第3章 有部因果的危机:从"得"到"累积量"
第3章 有部因果的危机:从"得"到"累积量"
本章导引
上一章我们把有部的"极微"放到了 21 世纪的数学显微镜下:极微可以是"测度为零但维度满"的怪异对象——它在几何上"几乎不占地",却"结构上完整"。这是西方数学对两千年前东方哲学难题的一个正面回应。但极微论只回答了一半的问题——物质世界如何被构造,另一半问题是:物质世界之间如何"互相作用"? 换句话说,因果关系是怎么跨时间、跨物体的?
这正是有部回答"业力因果"的方式。一个行为发生时,根据行为的善恶性质,会在某个地方"留存"某种强度——这就是 "得"(prapti)。它跨越时间一直"在",直到未来某一天"成熟",便催生果报。这就是佛教史上影响最深的"业力存储模型"。
但这个模型有两个严重困境:第一,如果每一个行为都留下"得",并永远不删除,那记忆会不会无限膨胀?谁来管理?第二,"得"如果是物质(色法),那它怎么"附着"在另一个物质上?一袋米怎么装另一袋米?
2026 年,年仅三十六岁的中国数学家邓煜(Yu Deng)与两位合作者——密歇根大学的 Zaher Hani 教授和芝加哥大学的马骁(Xiao Ma)教授——共同证明了一个困扰数学物理界超过一百年的命题:三维硬球模型下的 Boltzmann–Grad 极限(狭义希尔伯特第六问题的核心)。结论可通俗表述为:宏观世界的因果(不可逆、有时间箭头、熵增)并不需要每个微观粒子"记住"之前发生过什么——它只需从大量可逆微观粒子的统计互动中"自然涌现"。这一结果用纯数学方法正面告诉我们:因果不一定来自"信息存储",而可以来自"关系耦合"。

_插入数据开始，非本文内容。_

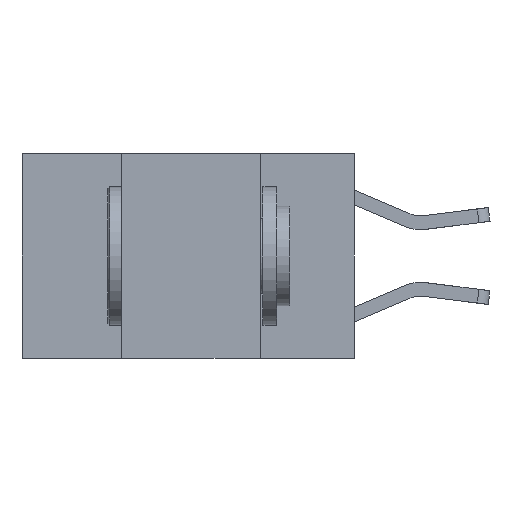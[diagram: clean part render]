
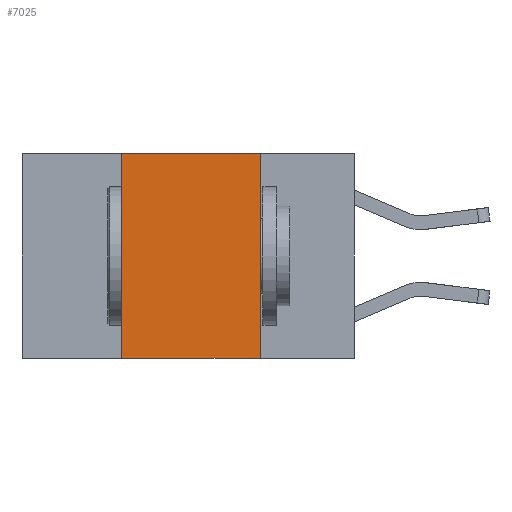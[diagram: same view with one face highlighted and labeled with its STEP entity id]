
A CAD part, left-side view. The second image highlights one B-rep face of the part: STEP entity #7025.
In plain terms, the highlighted planar face has unit normal (-1, 0, 0).
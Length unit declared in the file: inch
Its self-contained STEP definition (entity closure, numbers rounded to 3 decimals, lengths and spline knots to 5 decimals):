
#98 = VECTOR ( 'NONE', #7681, 39.37008 ) ;
#268 = LINE ( 'NONE', #6201, #5875 ) ;
#598 = CARTESIAN_POINT ( 'NONE',  ( 0., 0.6, 0. ) ) ;
#600 = LINE ( 'NONE', #6847, #9586 ) ;
#987 = EDGE_CURVE ( 'NONE', #8994, #4449, #3092, .T. ) ;
#1319 = ORIENTED_EDGE ( 'NONE', *, *, #7865, .T. ) ;
#1534 = FACE_OUTER_BOUND ( 'NONE', #5914, .T. ) ;
#1802 = EDGE_CURVE ( 'NONE', #4449, #7922, #3463, .T. ) ;
#3092 = LINE ( 'NONE', #6137, #98 ) ;
#3289 = DIRECTION ( 'NONE',  ( 0., 0., -1. ) ) ;
#3449 = ORIENTED_EDGE ( 'NONE', *, *, #1802, .F. ) ;
#3463 = LINE ( 'NONE', #598, #4526 ) ;
#3464 = AXIS2_PLACEMENT_3D ( 'NONE', #4443, #8355, #4546 ) ;
#4443 = CARTESIAN_POINT ( 'NONE',  ( 0., 0.6, 0. ) ) ;
#4449 = VERTEX_POINT ( 'NONE', #9859 ) ;
#4526 = VECTOR ( 'NONE', #8834, 39.37008 ) ;
#4546 = DIRECTION ( 'NONE',  ( 0., 0., -1. ) ) ;
#5228 = DIRECTION ( 'NONE',  ( 0., -1., 0. ) ) ;
#5481 = ORIENTED_EDGE ( 'NONE', *, *, #987, .F. ) ;
#5828 = EDGE_CURVE ( 'NONE', #7922, #5833, #268, .T. ) ;
#5833 = VERTEX_POINT ( 'NONE', #8548 ) ;
#5875 = VECTOR ( 'NONE', #3289, 39.37008 ) ;
#5914 = EDGE_LOOP ( 'NONE', ( #6776, #3449, #5481, #1319 ) ) ;
#6027 = CARTESIAN_POINT ( 'NONE',  ( 0., 0.17, 0. ) ) ;
#6055 = PLANE ( 'NONE',  #3464 ) ;
#6137 = CARTESIAN_POINT ( 'NONE',  ( 0., 0.42, 0. ) ) ;
#6159 = CARTESIAN_POINT ( 'NONE',  ( 0., 0.42, -0.37 ) ) ;
#6201 = CARTESIAN_POINT ( 'NONE',  ( 0., 0.17, 0. ) ) ;
#6776 = ORIENTED_EDGE ( 'NONE', *, *, #5828, .F. ) ;
#6847 = CARTESIAN_POINT ( 'NONE',  ( 0., 0.6, -0.37 ) ) ;
#7025 = ADVANCED_FACE ( 'NONE', ( #1534 ), #6055, .F. ) ;
#7681 = DIRECTION ( 'NONE',  ( 0., 0., 1. ) ) ;
#7865 = EDGE_CURVE ( 'NONE', #8994, #5833, #600, .T. ) ;
#7922 = VERTEX_POINT ( 'NONE', #6027 ) ;
#8355 = DIRECTION ( 'NONE',  ( 1., 0., 0. ) ) ;
#8548 = CARTESIAN_POINT ( 'NONE',  ( 0., 0.17, -0.37 ) ) ;
#8834 = DIRECTION ( 'NONE',  ( 0., -1., 0. ) ) ;
#8994 = VERTEX_POINT ( 'NONE', #6159 ) ;
#9586 = VECTOR ( 'NONE', #5228, 39.37008 ) ;
#9859 = CARTESIAN_POINT ( 'NONE',  ( 0., 0.42, 0. ) ) ;
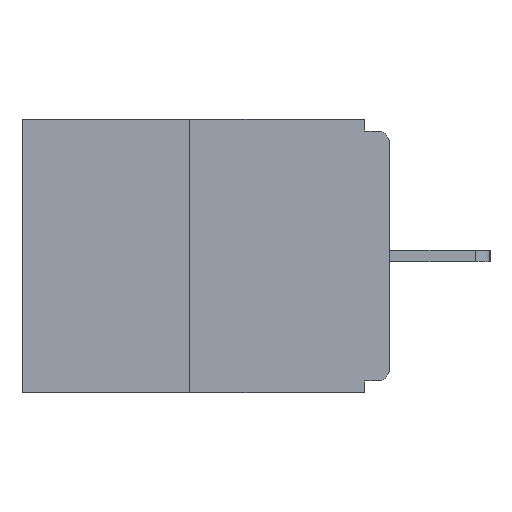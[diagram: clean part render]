
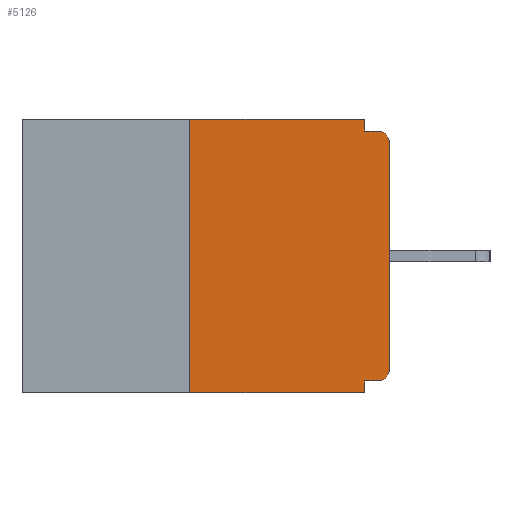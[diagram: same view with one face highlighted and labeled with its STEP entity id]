
A CAD part, left-side view. The second image highlights one B-rep face of the part: STEP entity #5126.
In plain terms, the highlighted planar face has unit normal (-1, 0, 0).
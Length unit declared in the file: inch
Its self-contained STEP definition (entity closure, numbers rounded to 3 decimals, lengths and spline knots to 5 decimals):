
#54 = CARTESIAN_POINT ( 'NONE',  ( 0., 0.031, -0.328 ) ) ;
#58 = ORIENTED_EDGE ( 'NONE', *, *, #1435, .F. ) ;
#370 = VECTOR ( 'NONE', #8513, 39.37008 ) ;
#512 = DIRECTION ( 'NONE',  ( 0., 1., 0. ) ) ;
#694 = CARTESIAN_POINT ( 'NONE',  ( 0., 0.031, -0.343 ) ) ;
#1266 = LINE ( 'NONE', #2451, #4930 ) ;
#1435 = EDGE_CURVE ( 'NONE', #9953, #11994, #3227, .T. ) ;
#1493 = DIRECTION ( 'NONE',  ( -1., 0., 0. ) ) ;
#1563 = EDGE_CURVE ( 'NONE', #3779, #13840, #5796, .T. ) ;
#2316 = DIRECTION ( 'NONE',  ( -1., 0., 0. ) ) ;
#2371 = LINE ( 'NONE', #694, #10799 ) ;
#2451 = CARTESIAN_POINT ( 'NONE',  ( 0., 0.25, 0. ) ) ;
#2717 = VERTEX_POINT ( 'NONE', #14361 ) ;
#2889 = CIRCLE ( 'NONE', #16332, 0.015 ) ;
#3047 = ORIENTED_EDGE ( 'NONE', *, *, #3152, .T. ) ;
#3152 = EDGE_CURVE ( 'NONE', #7802, #6265, #6615, .T. ) ;
#3227 = LINE ( 'NONE', #5793, #6926 ) ;
#3363 = CARTESIAN_POINT ( 'NONE',  ( 0., 0.25, 0. ) ) ;
#3403 = ORIENTED_EDGE ( 'NONE', *, *, #1563, .F. ) ;
#3779 = VERTEX_POINT ( 'NONE', #4391 ) ;
#3789 = EDGE_CURVE ( 'NONE', #8034, #10893, #13545, .T. ) ;
#3894 = CIRCLE ( 'NONE', #10600, 0.015 ) ;
#3910 = VERTEX_POINT ( 'NONE', #12890 ) ;
#4391 = CARTESIAN_POINT ( 'NONE',  ( 0., 0.015, -0.328 ) ) ;
#4912 = DIRECTION ( 'NONE',  ( 0., 0., -1. ) ) ;
#4930 = VECTOR ( 'NONE', #16602, 39.37008 ) ;
#5126 = ADVANCED_FACE ( 'NONE', ( #14626 ), #14539, .F. ) ;
#5397 = ORIENTED_EDGE ( 'NONE', *, *, #14566, .F. ) ;
#5653 = CARTESIAN_POINT ( 'NONE',  ( 0., 0.015, -0.015 ) ) ;
#5793 = CARTESIAN_POINT ( 'NONE',  ( 0., 0.46, 0. ) ) ;
#5796 = LINE ( 'NONE', #12034, #15717 ) ;
#5838 = ORIENTED_EDGE ( 'NONE', *, *, #3789, .F. ) ;
#6115 = CARTESIAN_POINT ( 'NONE',  ( 0., 0.25, -0.343 ) ) ;
#6218 = EDGE_CURVE ( 'NONE', #3779, #2717, #2889, .T. ) ;
#6265 = VERTEX_POINT ( 'NONE', #9070 ) ;
#6615 = LINE ( 'NONE', #10829, #9888 ) ;
#6686 = CARTESIAN_POINT ( 'NONE',  ( 0., 0., 0. ) ) ;
#6926 = VECTOR ( 'NONE', #10938, 39.37008 ) ;
#7516 = CARTESIAN_POINT ( 'NONE',  ( 0., 0.015, -0.03 ) ) ;
#7526 = EDGE_LOOP ( 'NONE', ( #58, #11486, #3047, #12841, #3403, #14533, #8023, #10892, #5838, #5397 ) ) ;
#7571 = DIRECTION ( 'NONE',  ( 0., 0., -1. ) ) ;
#7802 = VERTEX_POINT ( 'NONE', #6115 ) ;
#7807 = DIRECTION ( 'NONE',  ( 0., 0., -1. ) ) ;
#7978 = DIRECTION ( 'NONE',  ( 0., -1., 0. ) ) ;
#8023 = ORIENTED_EDGE ( 'NONE', *, *, #10318, .T. ) ;
#8034 = VERTEX_POINT ( 'NONE', #9715 ) ;
#8156 = CARTESIAN_POINT ( 'NONE',  ( 0., 0., -0.015 ) ) ;
#8330 = DIRECTION ( 'NONE',  ( 0., -1., 0. ) ) ;
#8513 = DIRECTION ( 'NONE',  ( 0., 0., -1. ) ) ;
#9070 = CARTESIAN_POINT ( 'NONE',  ( 0., 0.031, -0.343 ) ) ;
#9715 = CARTESIAN_POINT ( 'NONE',  ( 0., 0.031, -0.015 ) ) ;
#9860 = CARTESIAN_POINT ( 'NONE',  ( 0., 0.031, 0. ) ) ;
#9888 = VECTOR ( 'NONE', #7978, 39.37008 ) ;
#9953 = VERTEX_POINT ( 'NONE', #3363 ) ;
#10318 = EDGE_CURVE ( 'NONE', #2717, #3910, #13024, .T. ) ;
#10600 = AXIS2_PLACEMENT_3D ( 'NONE', #7516, #2316, #4912 ) ;
#10799 = VECTOR ( 'NONE', #7571, 39.37008 ) ;
#10829 = CARTESIAN_POINT ( 'NONE',  ( 0., 0.46, -0.343 ) ) ;
#10892 = ORIENTED_EDGE ( 'NONE', *, *, #15446, .T. ) ;
#10893 = VERTEX_POINT ( 'NONE', #5653 ) ;
#10938 = DIRECTION ( 'NONE',  ( 0., -1., 0. ) ) ;
#10941 = EDGE_CURVE ( 'NONE', #13840, #6265, #2371, .T. ) ;
#11486 = ORIENTED_EDGE ( 'NONE', *, *, #14748, .F. ) ;
#11587 = VECTOR ( 'NONE', #11831, 39.37008 ) ;
#11831 = DIRECTION ( 'NONE',  ( 0., 0., 1. ) ) ;
#11994 = VERTEX_POINT ( 'NONE', #15461 ) ;
#11995 = DIRECTION ( 'NONE',  ( 0., 0., -1. ) ) ;
#12034 = CARTESIAN_POINT ( 'NONE',  ( 0., 0., -0.328 ) ) ;
#12274 = AXIS2_PLACEMENT_3D ( 'NONE', #15806, #13349, #11995 ) ;
#12384 = LINE ( 'NONE', #9860, #370 ) ;
#12841 = ORIENTED_EDGE ( 'NONE', *, *, #10941, .F. ) ;
#12890 = CARTESIAN_POINT ( 'NONE',  ( 0., 0., -0.03 ) ) ;
#13024 = LINE ( 'NONE', #6686, #11587 ) ;
#13349 = DIRECTION ( 'NONE',  ( 1., 0., 0. ) ) ;
#13545 = LINE ( 'NONE', #8156, #14913 ) ;
#13840 = VERTEX_POINT ( 'NONE', #54 ) ;
#14361 = CARTESIAN_POINT ( 'NONE',  ( 0., 0., -0.313 ) ) ;
#14368 = CARTESIAN_POINT ( 'NONE',  ( 0., 0.015, -0.313 ) ) ;
#14533 = ORIENTED_EDGE ( 'NONE', *, *, #6218, .T. ) ;
#14539 = PLANE ( 'NONE',  #12274 ) ;
#14566 = EDGE_CURVE ( 'NONE', #11994, #8034, #12384, .T. ) ;
#14626 = FACE_OUTER_BOUND ( 'NONE', #7526, .T. ) ;
#14748 = EDGE_CURVE ( 'NONE', #7802, #9953, #1266, .T. ) ;
#14913 = VECTOR ( 'NONE', #8330, 39.37008 ) ;
#15446 = EDGE_CURVE ( 'NONE', #3910, #10893, #3894, .T. ) ;
#15461 = CARTESIAN_POINT ( 'NONE',  ( 0., 0.031, 0. ) ) ;
#15717 = VECTOR ( 'NONE', #512, 39.37008 ) ;
#15806 = CARTESIAN_POINT ( 'NONE',  ( 0., 0.46, 0. ) ) ;
#16332 = AXIS2_PLACEMENT_3D ( 'NONE', #14368, #1493, #7807 ) ;
#16602 = DIRECTION ( 'NONE',  ( 0., 0., 1. ) ) ;
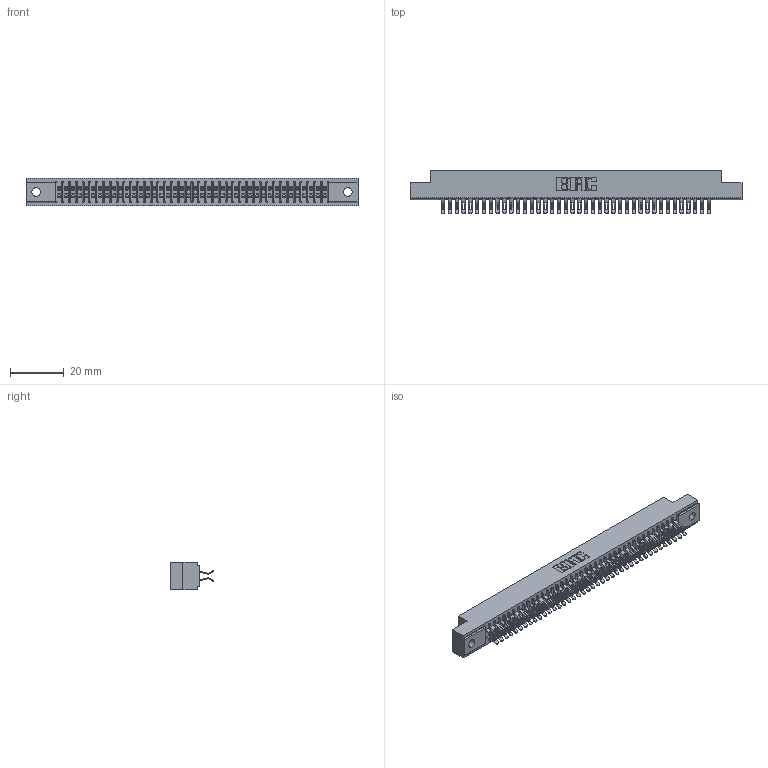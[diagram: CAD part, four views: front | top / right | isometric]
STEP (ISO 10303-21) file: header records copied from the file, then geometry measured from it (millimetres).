
FILE_DESCRIPTION (( 'STEP AP203' ), '1' );
FILE_NAME ('391-080-555-202.STEP', '2018-08-09T15:43:37', ( '' ), ( '' ), 'SwSTEP 2.0', 'SolidWorks 2016', '' );
FILE_SCHEMA (( 'CONFIG_CONTROL_DESIGN' ));
Length unit declared in the file: inch
Products named in the file (3): 341 Part_.128 (3.25) Dia Mounting Holes; 341-292-001_341-292-155; 391-080-555-202
Assembly tree (81 placements, depth 2):
  391-080-555-202
    341 Part_.128 (3.25) Dia Mounting Holes
    341-292-001_341-292-155  x80
Bounding box: 123.83 x 16.31 x 10.16 mm (x, y, z)
Volume: 9203.6 mm3; surface area: 16676.5 mm2
Topology: 81 solids, 81 shells, 6356 faces, 18996 edges, 12366 vertices
Faces by surface type: plane 3428, cylinder 2768, sphere 82, torus 78
Entity records: 49147 total; most frequent: CARTESIAN_POINT 8186, ORIENTED_EDGE 8124, DIRECTION 7936, EDGE_CURVE 4062, LINE 3264, VECTOR 3264, VERTEX_POINT 2570, AXIS2_PLACEMENT_3D 2336
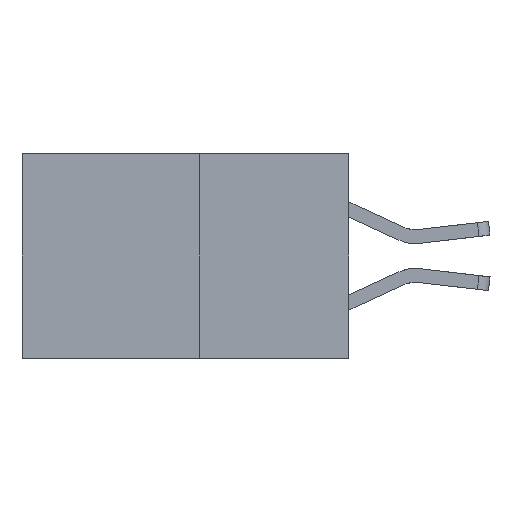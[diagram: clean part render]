
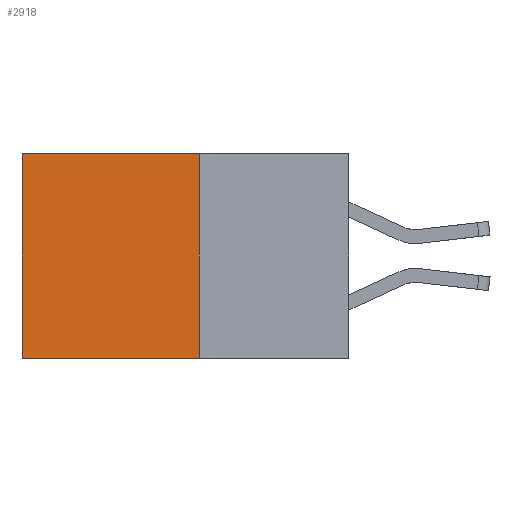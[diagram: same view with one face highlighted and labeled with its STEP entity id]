
A CAD part, left-side view. The second image highlights one B-rep face of the part: STEP entity #2918.
In plain terms, the highlighted planar face has unit normal (-1, 0, 0).
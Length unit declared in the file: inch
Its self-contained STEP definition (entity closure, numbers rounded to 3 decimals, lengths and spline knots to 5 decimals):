
#105 = CARTESIAN_POINT ( 'NONE',  ( 0.277, 0.59, -0.37 ) ) ;
#173 = LINE ( 'NONE', #7921, #6615 ) ;
#203 = DIRECTION ( 'NONE',  ( 0., 1., 0. ) ) ;
#400 = ORIENTED_EDGE ( 'NONE', *, *, #7628, .T. ) ;
#859 = CARTESIAN_POINT ( 'NONE',  ( 0.277, 0.27, 0. ) ) ;
#1452 = VERTEX_POINT ( 'NONE', #5556 ) ;
#1547 = DIRECTION ( 'NONE',  ( 0., 0., -1. ) ) ;
#2089 = CARTESIAN_POINT ( 'NONE',  ( 0.277, 0.27, 0. ) ) ;
#2177 = CARTESIAN_POINT ( 'NONE',  ( 0.277, 0.59, -0.37 ) ) ;
#2285 = EDGE_CURVE ( 'NONE', #5759, #1452, #6808, .T. ) ;
#2286 = VERTEX_POINT ( 'NONE', #105 ) ;
#2359 = FACE_OUTER_BOUND ( 'NONE', #7863, .T. ) ;
#2552 = CARTESIAN_POINT ( 'NONE',  ( 0.277, 0.27, -0.37 ) ) ;
#2827 = VERTEX_POINT ( 'NONE', #4962 ) ;
#2918 = ADVANCED_FACE ( 'NONE', ( #2359 ), #7198, .F. ) ;
#2972 = ORIENTED_EDGE ( 'NONE', *, *, #6916, .F. ) ;
#3267 = LINE ( 'NONE', #2177, #8224 ) ;
#3341 = CARTESIAN_POINT ( 'NONE',  ( 0.277, 0.27, -0.37 ) ) ;
#3598 = ORIENTED_EDGE ( 'NONE', *, *, #2285, .F. ) ;
#3729 = AXIS2_PLACEMENT_3D ( 'NONE', #3341, #7864, #3995 ) ;
#3995 = DIRECTION ( 'NONE',  ( 0., 0., -1. ) ) ;
#4055 = DIRECTION ( 'NONE',  ( 0., 1., 0. ) ) ;
#4173 = DIRECTION ( 'NONE',  ( 0., 0., -1. ) ) ;
#4194 = VECTOR ( 'NONE', #4055, 39.37008 ) ;
#4962 = CARTESIAN_POINT ( 'NONE',  ( 0.277, 0.59, 0. ) ) ;
#5314 = VECTOR ( 'NONE', #4173, 39.37008 ) ;
#5556 = CARTESIAN_POINT ( 'NONE',  ( 0.277, 0.27, -0.37 ) ) ;
#5691 = EDGE_CURVE ( 'NONE', #5759, #2827, #7832, .T. ) ;
#5759 = VERTEX_POINT ( 'NONE', #859 ) ;
#6615 = VECTOR ( 'NONE', #203, 39.37008 ) ;
#6808 = LINE ( 'NONE', #2552, #5314 ) ;
#6916 = EDGE_CURVE ( 'NONE', #1452, #2286, #173, .T. ) ;
#7198 = PLANE ( 'NONE',  #3729 ) ;
#7217 = ORIENTED_EDGE ( 'NONE', *, *, #5691, .T. ) ;
#7628 = EDGE_CURVE ( 'NONE', #2827, #2286, #3267, .T. ) ;
#7832 = LINE ( 'NONE', #2089, #4194 ) ;
#7863 = EDGE_LOOP ( 'NONE', ( #400, #2972, #3598, #7217 ) ) ;
#7864 = DIRECTION ( 'NONE',  ( 1., 0., 0. ) ) ;
#7921 = CARTESIAN_POINT ( 'NONE',  ( 0.277, 0.27, -0.37 ) ) ;
#8224 = VECTOR ( 'NONE', #1547, 39.37008 ) ;

本章分三节。3.1 节讲有部的业力论与"得"——了解这个古代的"因果存档模型"是怎么设计的。3.2 节指出其两个内在困境,并把邓煜 2026 年的菲尔兹奖级证明放进来,看它如何提供全新的视角。3.3 节做一个根本性对照:"全存储"模型 vs "关系因果"模型。读完本章,你将得到三个核心收获:理解有部"得"的形而上学;理解其两个内在困境;理解为什么现代数学告诉我们"因果不必存储"——这会为第 4 章走向经量部、第 5 章走进唯识做好准备。
3.1 有部的业力论与"得"
画面:种子、借条与"档案柜"
想象你今天早上向同事借了一本参考书。他不会凭空记得这件事——他可能写下了一张借条:"今借张三十一本《××》",这张纸条被夹进一本专门的"借条簿"里。这样一来,几周后你想起来还书时,翻开借条簿,那一行"张三十——《××》"就在那儿。你和借条簿之间的关系——"这条记录指着这本书指向你"——构成了还书的因果链条。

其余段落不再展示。